(STORED DATA begins)
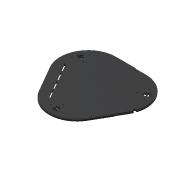
# Autodesk Inventor part: Part6
Saved by Autodesk Inventor 2016 (Build 200138000, 138)
## iProperties
Created: 2016-03-29
Part Number: Part6
Material: ABS Plastic
Document SubType Name: Modeling
Designer: admin
Density: 1 g/cm^3
Appearance: Dark Gray
Author: admin
Autodesk Inventor part; units mm, degrees
ref_plane "YZ Plane" through (0, 0, 0) normal (1, 0, 0) x (0, 1, 0)
ref_plane "XZ Plane" through (0, 0, 0) normal (0, 1, 0) x (-1, 0, 0)
ref_plane "XY Plane" through (0, 0, 0) normal (0, 0, 1) x (1, 0, 0)
sketch "Sketch1" plane through (0, 0, 0) normal (0, 0, 1) x (1, 0, 0)
  circle A0 centre (28, 169.4449) radius 5 projected
  circle A1 centre (188.7436, 229.9186) radius 2 projected
  circle A2 centre (160.7436, 278.416) radius 2 projected
  circle A3 centre (-132.7436, 229.9186) radius 2 projected
  circle A4 centre (-104.7436, 278.416) radius 2 projected
  circle A5 centre (56, 0) radius 2 projected
  circle A6 centre (0, 0) radius 2 projected
  arc A7 (202.3732, 146.7128) -> (95.5, 331.8225) centre (95.5, 208.416) ccw projected
  line L0 (95.5, 331.8225) -> (-39.5, 331.8225) projected
  arc A8 (-39.5, 331.8225) -> (-146.3732, 146.7128) centre (-39.5, 208.416) ccw projected
  line L1 (-146.3732, 146.7128) -> (-78.8732, 29.7993) projected
  arc A9 (-78.8732, 29.7993) -> (134.8732, 29.7993) centre (28, 91.5026) ccw projected
  line L2 (134.8732, 29.7993) -> (202.3732, 146.7128) projected
  arc A10 (-115.4591, 242.4561) -> (-113.4101, 243.0051) centre (-114.7091, 243.7551) ccw projected
  line L3 (-115.4591, 242.4561) -> (-120.1357, 245.1561) projected
  arc A11 (-120.6847, 247.2051) -> (-120.1357, 245.1561) centre (-119.3857, 246.4551) ccw projected
  line L4 (-120.6847, 247.2051) -> (-113.6847, 259.3295) projected
  arc A12 (-111.6357, 259.8785) -> (-113.6847, 259.3295) centre (-112.3857, 258.5795) ccw projected
  line L5 (-111.6357, 259.8785) -> (-106.9591, 257.1785) projected
  arc A13 (-106.4101, 255.1295) -> (-106.9591, 257.1785) centre (-107.7091, 255.8795) ccw projected
  line L6 (-106.4101, 255.1295) -> (-113.4101, 243.0051) projected
  arc A14 (162.9591, 257.1785) -> (162.4101, 255.1295) centre (163.7091, 255.8795) ccw projected
  line L7 (162.9591, 257.1785) -> (167.6357, 259.8785) projected
  arc A15 (169.6847, 259.3295) -> (167.6357, 259.8785) centre (168.3857, 258.5795) ccw projected
  line L8 (169.6847, 259.3295) -> (176.6847, 247.2051) projected
  arc A16 (176.1357, 245.1561) -> (176.6847, 247.2051) centre (175.3857, 246.4551) ccw projected
  line L9 (176.1357, 245.1561) -> (171.4591, 242.4561) projected
  arc A17 (169.4101, 243.0051) -> (171.4591, 242.4561) centre (170.7091, 243.7551) ccw projected
  line L10 (169.4101, 243.0051) -> (162.4101, 255.1295) projected
  arc A18 (36.5, 8.7) -> (35, 10.2) centre (35, 8.7) ccw projected
  line L11 (36.5, 8.7) -> (36.5, 3.3) projected
  arc A19 (35, 1.8) -> (36.5, 3.3) centre (35, 3.3) ccw projected
  line L12 (35, 1.8) -> (21, 1.8) projected
  arc A20 (19.5, 3.3) -> (21, 1.8) centre (21, 3.3) ccw projected
  line L13 (19.5, 3.3) -> (19.5, 8.7) projected
  arc A21 (21, 10.2) -> (19.5, 8.7) centre (21, 8.7) ccw projected
  line L14 (21, 10.2) -> (35, 10.2) projected
  line L15 (-91.8574, 86.3887) -> (-103.8574, 107.1733) projected
  arc A22 (-101.2594, 108.6733) -> (-103.8574, 107.1733) centre (-102.5584, 107.9233) ccw projected
  line L16 (-101.2594, 108.6733) -> (-89.2594, 87.8887) projected
  arc A23 (-91.8574, 86.3887) -> (-89.2594, 87.8887) centre (-90.5584, 87.1387) ccw projected
  circle A24 centre (-62.9327, 116.9449) radius 4.25 projected
  circle A25 centre (28, 274.4449) radius 4.25 projected
  circle A26 centre (118.9327, 116.9449) radius 4.25 projected
  point P0 (0, 0)
extrude "Extrusion1" add sketch "Sketch1" along normal blind 8 contours L2 A9 L1 A8 L0 A7 | L3 A11 L4 A12 L5 A13 L6 A10 | L7 A15 L8 A16 L9 A17 L10 A14 | L11 A19 L12 A20 L13 A21 L14 A18 | L15 A22 L16 A23 | A24 | A25 | A26
sketch "Sketch2" plane through (0, 0, 8) normal (0, 0, 1) x (1, 0, 0)
  circle A0 centre (0, 0) radius 2 projected
  circle A1 centre (56, 0) radius 2 projected
  circle A2 centre (0, 0) radius 12
  circle A3 centre (56, 0) radius 12
  line L0 (0, 12) -> (56, 12)
  line L1 (21, 9.5) -> (35, 9.5)
  line L2 (21, 2.5) -> (35, 2.5)
  line L3 (18, -4.2) -> (18, -7.6)
  line L4 (38, -4.2) -> (38, -7.6)
  line L5 (21, -7.6) -> (35, -7.6)
  line L6 (18, -1.2) -> (38, -1.2)
  line L7 (21, 10.2) -> (35, 10.2)
  line L8 (21, 1.8) -> (35, 1.8)
  line L9 (21, 10.2) -> (21, 1.8)
  line L10 (35, 10.2) -> (35, 1.8)
  arc A4 (18, -1.2) -> (18, -4.2) centre (18, -2.7) ccw
  circle A5 centre (28, 169.4449) radius 5 projected
  circle A6 centre (0, 0) radius 2 projected
  circle A7 centre (56, 0) radius 2 projected
  circle A8 centre (-104.7436, 278.416) radius 2 projected
  circle A9 centre (-132.7436, 229.9186) radius 2 projected
  circle A10 centre (160.7436, 278.416) radius 2 projected
  circle A11 centre (188.7436, 229.9186) radius 2 projected
  arc A12 (202.3732, 146.7128) -> (95.5, 331.8225) centre (95.5, 208.416) ccw projected
  line L11 (95.5, 331.8225) -> (-39.5, 331.8225) projected
  arc A13 (-39.5, 331.8225) -> (-146.3732, 146.7128) centre (-39.5, 208.416) ccw projected
  line L12 (-146.3732, 146.7128) -> (-78.8732, 29.7993) projected
  arc A14 (-78.8732, 29.7993) -> (134.8732, 29.7993) centre (28, 91.5026) ccw projected
  line L13 (134.8732, 29.7993) -> (202.3732, 146.7128) projected
  arc A15 (38, -4.2) -> (38, -1.2) centre (38, -2.7) ccw
  arc A16 (18, -7.6) -> (21, -7.6) centre (19.5, -7.6) ccw
  arc A17 (35, -7.6) -> (38, -7.6) centre (36.5, -7.6) ccw
  arc A18 (21, 10.2) -> (19.5, 8.7) centre (21, 8.7) ccw
  arc A19 (35, 1.8) -> (36.5, 3.3) centre (35, 3.3) ccw
  arc A20 (36.5, 8.7) -> (35, 10.2) centre (35, 8.7) ccw
  line L14 (19.5, 8.7) -> (19.5, 3.3)
  line L15 (36.5, 8.7) -> (36.5, 3.3)
  arc A21 (19.5, 3.3) -> (21, 1.8) centre (21, 3.3) ccw
  dimension "d2" = 24
  dimension "d3" = 24
  dimension "d4" = 2.5
  dimension "d5" = 7
  dimension "d8" = 20
  dimension "d9" = 18
  dimension "d10" = 18
  dimension "d11" = 3.7
  dimension "d12" = 6.4
  dimension "d13" = 0.7
  dimension "d14" = 0.7
  dimension "d15" = 14
  dimension "d16" = 21
  dimension "d17" = 3
  dimension "d18" = 1.5
  dimension "d19" = 1.5
  dimension "d20" = 1.5
  dimension "d21" = 3
  constraints: 26 end point, 16 point on circle, 12 point on line, 9 tangent, 8 centre point, 6 parallel, 4 perpendicular, 2 coincident, 2 horizontal, 2 vertical alignment, 4 other
  measures "d4" distance between parallel lines of L0 L1
  measures "d5" distance between parallel lines of L1 L2
  measures "d8" distance between parallel lines of L4 L3
  measures "d9" distance from line of A0.centre L3
  measures "d10" distance from line of A1.centre L4
  measures "d11" distance between parallel lines of L2 L6
  measures "d12" distance between parallel lines of L6 L5
  measures "d13" distance between parallel lines of L1 L7
  measures "d14" distance between parallel lines of L2 L8
  measures "d15" distance between parallel lines of L10 L9
  measures "d16" distance from line of A0.centre L9
  measures "d17" diameter of A4
  measures "d18" radius of A16
  measures "d19" radius of A17
  measures "d20" radius of A15
  measures "d21" diameter of A18
extrude "Extrusion2" cut sketch "Sketch2" against normal blind 10 contours L9 L7 L10 L1 | L9 A21 L14 A18 | L1 L10 L2 L9 | L10 A20 L15 A19 | L2 L10 L8 L9 | A4 L6 A15 L4 A17 L5 A16 L3
sketch "Sketch3" plane through (0, 0, 8) normal (0, 0, 1) x (1, 0, 0)
  line L0 (19.5, 3.3) -> (19.5, 8.7) projected
  line L1 (18, -1.2) -> (38, -1.2) projected
  line L2 (30, 13.8) -> (30, -1.2)
  line L3 (30, -1.2) -> (26, -1.2)
  line L4 (26, -1.2) -> (26, 13.8)
  arc A0 (30, 13.8) -> (26, 13.8) centre (28, 13.8) ccw
  dimension "d25" = 4
  dimension "d26" = 6.5
  constraints: 6 end point, 2 point on circle, 1 centre point, 1 parallel, 1 point on line
  measures "d25" distance between parallel lines of L2 L4
  measures "d26" distance between parallel lines of L0 L4
extrude "Extrusion3" cut sketch "Sketch3" against normal blind 4
fillet "Fillet1" radius 2 5 edges at (30, 12, 4) (26, 12, 4) (28, 15.8, 4) (30, 0.3, 4) (26, 0.3, 4)
sketch "Sketch4" plane through (0, 0, 8) normal (0, 0, 1) x (1, 0, 0)
  line L0 (35, 1.8) -> (30, 1.8) projected
  line L1 (18, -7.6) -> (18, -4.2) projected
  line L2 (26, 1.8) -> (21, 1.8) projected
  line L3 (22, 1.8) -> (24.5, 1.8)
  line L4 (24.5, 1.8) -> (24.5, -13.2)
  line L5 (24.5, -13.2) -> (22, -13.2)
  line L6 (22, -13.2) -> (22, 1.8)
  line L7 (31.5, 1.8) -> (34, 1.8)
  line L8 (34, 1.8) -> (34, -13.2)
  line L9 (34, -13.2) -> (31.5, -13.2)
  line L10 (31.5, -13.2) -> (31.5, 1.8)
  circle A0 centre (23.25, -13.2) radius 1.25
  circle A1 centre (32.75, -13.2) radius 1.25
  dimension "d31" = 12
  dimension "d32" = 2.5
  dimension "d33" = 2.5
  dimension "d34" = 4
  dimension "d35" = 15
  dimension "d36" = 15
  constraints: 16 end point, 4 parallel, 2 horizontal, 2 horizontal alignment, 2 midpoint, 2 perpendicular, 2 point on line, 4 other
  measures "d31" distance between parallel lines of L6 L8
  measures "d32" distance between parallel lines of L6 L4
  measures "d33" distance between parallel lines of L8 L10
  measures "d34" distance between parallel lines of L1 L6
  measures "d35" distance between parallel lines of L5 L3
  measures "d36" distance between parallel lines of L7 L9
extrude "Extrusion4" cut sketch "Sketch4" against normal blind 2.4
pattern_circular "Circular Pattern1" count 3 over 360 about axis through (28, 169.4449, 0) along (0, 0, 1) of "Fillet1", "Extrusion2", "Extrusion3", "Extrusion4"
sketch "Sketch6" plane through (0, 0, 8) normal (0, 0, 1) x (1, 0, 0)
  arc A0 (202.3732, 146.7128) -> (95.5, 331.8225) centre (95.5, 208.416) ccw projected
  line L0 (95.5, 331.8225) -> (-39.5, 331.8225) projected
  arc A1 (-39.5, 331.8225) -> (-146.3732, 146.7128) centre (-39.5, 208.416) ccw projected
  line L1 (-146.3732, 146.7128) -> (-78.8732, 29.7993) projected
  arc A2 (-78.8732, 29.7993) -> (134.8732, 29.7993) centre (28, 91.5026) ccw projected
  line L2 (134.8732, 29.7993) -> (202.3732, 146.7128) projected
  arc A3 (199.6019, 148.3128) -> (95.5, 328.6225) centre (95.5, 208.416) ccw
  line L3 (199.6019, 148.3128) -> (132.1019, 31.3993)
  arc A4 (-76.1019, 31.3993) -> (132.1019, 31.3993) centre (28, 91.5026) ccw
  line L4 (-76.1019, 31.3993) -> (-143.6019, 148.3128)
  arc A5 (-39.5, 328.6225) -> (-143.6019, 148.3128) centre (-39.5, 208.416) ccw
  line L5 (-39.5, 328.6225) -> (95.5, 328.6225)
  line L6 (168.8487, 95.0466) -> (171.6199, 93.4466)
  dimension "d45" = 3.2
  constraints: 8 end point, 6 point on circle, 3 centre point, 2 point on line, 1 perpendicular, 5 other
  measures "d45" radial gap between concentric circles of A0 A3
extrude "Extrusion6" cut sketch "Sketch6" against normal blind 1
sketch "Sketch7" plane through (0, 0, 8) normal (0, 0, 1) x (1, 0, 0)
  arc A0 (199.6019, 148.3128) -> (95.5, 328.6225) centre (95.5, 208.416) ccw projected
  line L0 (95.5, 328.6225) -> (-39.5, 328.6225) projected
  line L1 (132.1019, 31.3993) -> (199.6019, 148.3128) projected
  line L2 (176.1357, 245.1561) -> (171.4591, 242.4561) projected
  line L3 (162.9591, 257.1785) -> (167.6357, 259.8785) projected
  circle A1 centre (28, 169.4449) radius 5 projected
  line L4 (-39.5, 331.8225) -> (95.5, 331.8225) projected
  line L5 (202.3732, 146.7128) -> (134.8732, 29.7993) projected
  arc A2 (28, 331.8225) -> (168.6232, 88.256) centre (28, 169.4449) ccw
  arc A3 (172.6804, 243.1612) -> (164.1804, 257.8836) centre (28, 169.4449) ccw
  arc A4 (202.3732, 146.7128) -> (95.5, 331.8225) centre (95.5, 208.416) ccw projected
  arc A5 (47.8, 331.8225) -> (51, 328.6225) centre (51, 331.8225) ccw
  arc A6 (177.3519, 109.7746) -> (178.5232, 105.4033) centre (180.1232, 108.1746) ccw
  dimension "d55" = 3.2
  dimension "d56" = 23
  dimension "d57" = 3.2
  dimension "d58" = 23
  constraints: 8 point on circle, 6 point on line, 4 centre point, 2 midpoint, 2 tangent, 1 coincident
  measures "d55" radius of A5
  measures "d56" distance of A2.start A5.centre
  measures "d57" radius of A6
  measures "d58" distance of A2.end A6.centre
extrude "Extrusion7" cut sketch "Sketch7" against normal blind 3 contours A0 L0 A5 L4 A4 L5 A6 L1
sketch "Sketch8" plane through (0, 0, 8) normal (0, 0, 1) x (1, 0, 0)
  arc A0 (-114.7828, 263.4275) -> (-117.3809, 264.9275) centre (-116.0818, 264.1775) ccw projected
  line L0 (-117.3809, 264.9275) -> (-120.3253, 266.6275) projected
  arc A1 (-120.3253, 266.6275) -> (-121.8253, 264.0295) centre (-121.0753, 265.3285) ccw projected
  line L1 (-121.8253, 264.0295) -> (-128.8253, 251.9051) projected
  arc A2 (-128.8253, 251.9051) -> (-130.3253, 249.307) centre (-129.5753, 250.6061) ccw projected
  line L2 (-130.3253, 249.307) -> (-127.3809, 247.607) projected
  arc A3 (-127.3809, 247.607) -> (-124.7828, 246.107) centre (-126.0818, 246.857) ccw projected
  line L3 (-124.7828, 246.107) -> (-114.7828, 263.4275) projected
  arc A4 (-120.6847, 247.2051) -> (-120.1357, 245.1561) centre (-119.3857, 246.4551) ccw projected
  line L4 (-120.1357, 245.1561) -> (-115.4591, 242.4561) projected
  arc A5 (-115.4591, 242.4561) -> (-113.4101, 243.0051) centre (-114.7091, 243.7551) ccw projected
  line L5 (-113.4101, 243.0051) -> (-106.4101, 255.1295) projected
  arc A6 (-106.4101, 255.1295) -> (-106.9591, 257.1785) centre (-107.7091, 255.8795) ccw projected
  line L6 (-106.9591, 257.1785) -> (-111.6357, 259.8785) projected
  arc A7 (-111.6357, 259.8785) -> (-113.6847, 259.3295) centre (-112.3857, 258.5795) ccw projected
  line L7 (-113.6847, 259.3295) -> (-120.6847, 247.2051) projected
  arc A8 (180.7828, 246.107) -> (183.3809, 247.607) centre (182.0818, 246.857) ccw projected
  line L8 (183.3809, 247.607) -> (186.3253, 249.307) projected
  arc A9 (186.3253, 249.307) -> (184.8253, 251.9051) centre (185.5753, 250.6061) ccw projected
  line L9 (184.8253, 251.9051) -> (177.8253, 264.0295) projected
  arc A10 (177.8253, 264.0295) -> (176.3253, 266.6275) centre (177.0753, 265.3285) ccw projected
  line L10 (176.3253, 266.6275) -> (173.3809, 264.9275) projected
  arc A11 (173.3809, 264.9275) -> (170.7828, 263.4275) centre (172.0818, 264.1775) ccw projected
  line L11 (170.7828, 263.4275) -> (180.7828, 246.107) projected
  arc A12 (169.6847, 259.3295) -> (167.6357, 259.8785) centre (168.3857, 258.5795) ccw projected
  line L12 (167.6357, 259.8785) -> (162.9591, 257.1785) projected
  arc A13 (162.9591, 257.1785) -> (162.4101, 255.1295) centre (163.7091, 255.8795) ccw projected
  line L13 (162.4101, 255.1295) -> (169.4101, 243.0051) projected
  arc A14 (169.4101, 243.0051) -> (171.4591, 242.4561) centre (170.7091, 243.7551) ccw projected
  line L14 (171.4591, 242.4561) -> (176.1357, 245.1561) projected
  arc A15 (176.1357, 245.1561) -> (176.6847, 247.2051) centre (175.3857, 246.4551) ccw projected
  line L15 (176.6847, 247.2051) -> (169.6847, 259.3295) projected
  arc A16 (21, 10.2) -> (19.5, 8.7) centre (21, 8.7) ccw projected
  line L16 (19.5, 8.7) -> (19.5, 3.3) projected
  arc A17 (19.5, 3.3) -> (21, 1.8) centre (21, 3.3) ccw projected
  line L17 (21, 1.8) -> (35, 1.8) projected
  arc A18 (35, 1.8) -> (36.5, 3.3) centre (35, 3.3) ccw projected
  line L18 (36.5, 3.3) -> (36.5, 8.7) projected
  arc A19 (36.5, 8.7) -> (35, 10.2) centre (35, 8.7) ccw projected
  line L19 (35, 10.2) -> (21, 10.2) projected
  arc A20 (18, -1.2) -> (18, -4.2) centre (18, -2.7) ccw projected
  line L20 (18, -4.2) -> (18, -7.6) projected
  arc A21 (18, -7.6) -> (21, -7.6) centre (19.5, -7.6) ccw projected
  line L21 (21, -7.6) -> (35, -7.6) projected
  arc A22 (35, -7.6) -> (38, -7.6) centre (36.5, -7.6) ccw projected
  line L22 (38, -7.6) -> (38, -4.2) projected
  arc A23 (38, -4.2) -> (38, -1.2) centre (38, -2.7) ccw projected
  line L23 (38, -1.2) -> (18, -1.2) projected
  circle A24 centre (28, 169.4449) radius 5 projected
  circle A25 centre (0, 0) radius 2 projected
  circle A26 centre (56, 0) radius 2 projected
  circle A27 centre (-104.7436, 278.416) radius 2 projected
  circle A28 centre (-132.7436, 229.9186) radius 2 projected
  circle A29 centre (160.7436, 278.416) radius 2 projected
  circle A30 centre (188.7436, 229.9186) radius 2 projected
  arc A31 (202.3732, 146.7128) -> (95.5, 331.8225) centre (95.5, 208.416) ccw projected
  line L24 (134.8732, 29.7993) -> (202.3732, 146.7128) projected
  arc A32 (-78.8732, 29.7993) -> (134.8732, 29.7993) centre (28, 91.5026) ccw projected
  line L25 (-146.3732, 146.7128) -> (-78.8732, 29.7993) projected
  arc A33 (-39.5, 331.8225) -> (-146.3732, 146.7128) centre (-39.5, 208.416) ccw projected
(STORED DATA ends)
__WORK ITEM__:
Copy nothing past the line containing "circle A0 centre (28, 169.4449)": reproduce every line from the start of the records up to it, skipping pictures.

__FINAL ANSWER__:
# Autodesk Inventor part: Part6
Saved by Autodesk Inventor 2016 (Build 200138000, 138)
## iProperties
Created: 2016-03-29
Part Number: Part6
Material: ABS Plastic
Document SubType Name: Modeling
Designer: admin
Density: 1 g/cm^3
Appearance: Dark Gray
Author: admin
Autodesk Inventor part; units mm, degrees
ref_plane "YZ Plane" through (0, 0, 0) normal (1, 0, 0) x (0, 1, 0)
ref_plane "XZ Plane" through (0, 0, 0) normal (0, 1, 0) x (-1, 0, 0)
ref_plane "XY Plane" through (0, 0, 0) normal (0, 0, 1) x (1, 0, 0)
sketch "Sketch1" plane through (0, 0, 0) normal (0, 0, 1) x (1, 0, 0)
  circle A0 centre (28, 169.4449) radius 5 projected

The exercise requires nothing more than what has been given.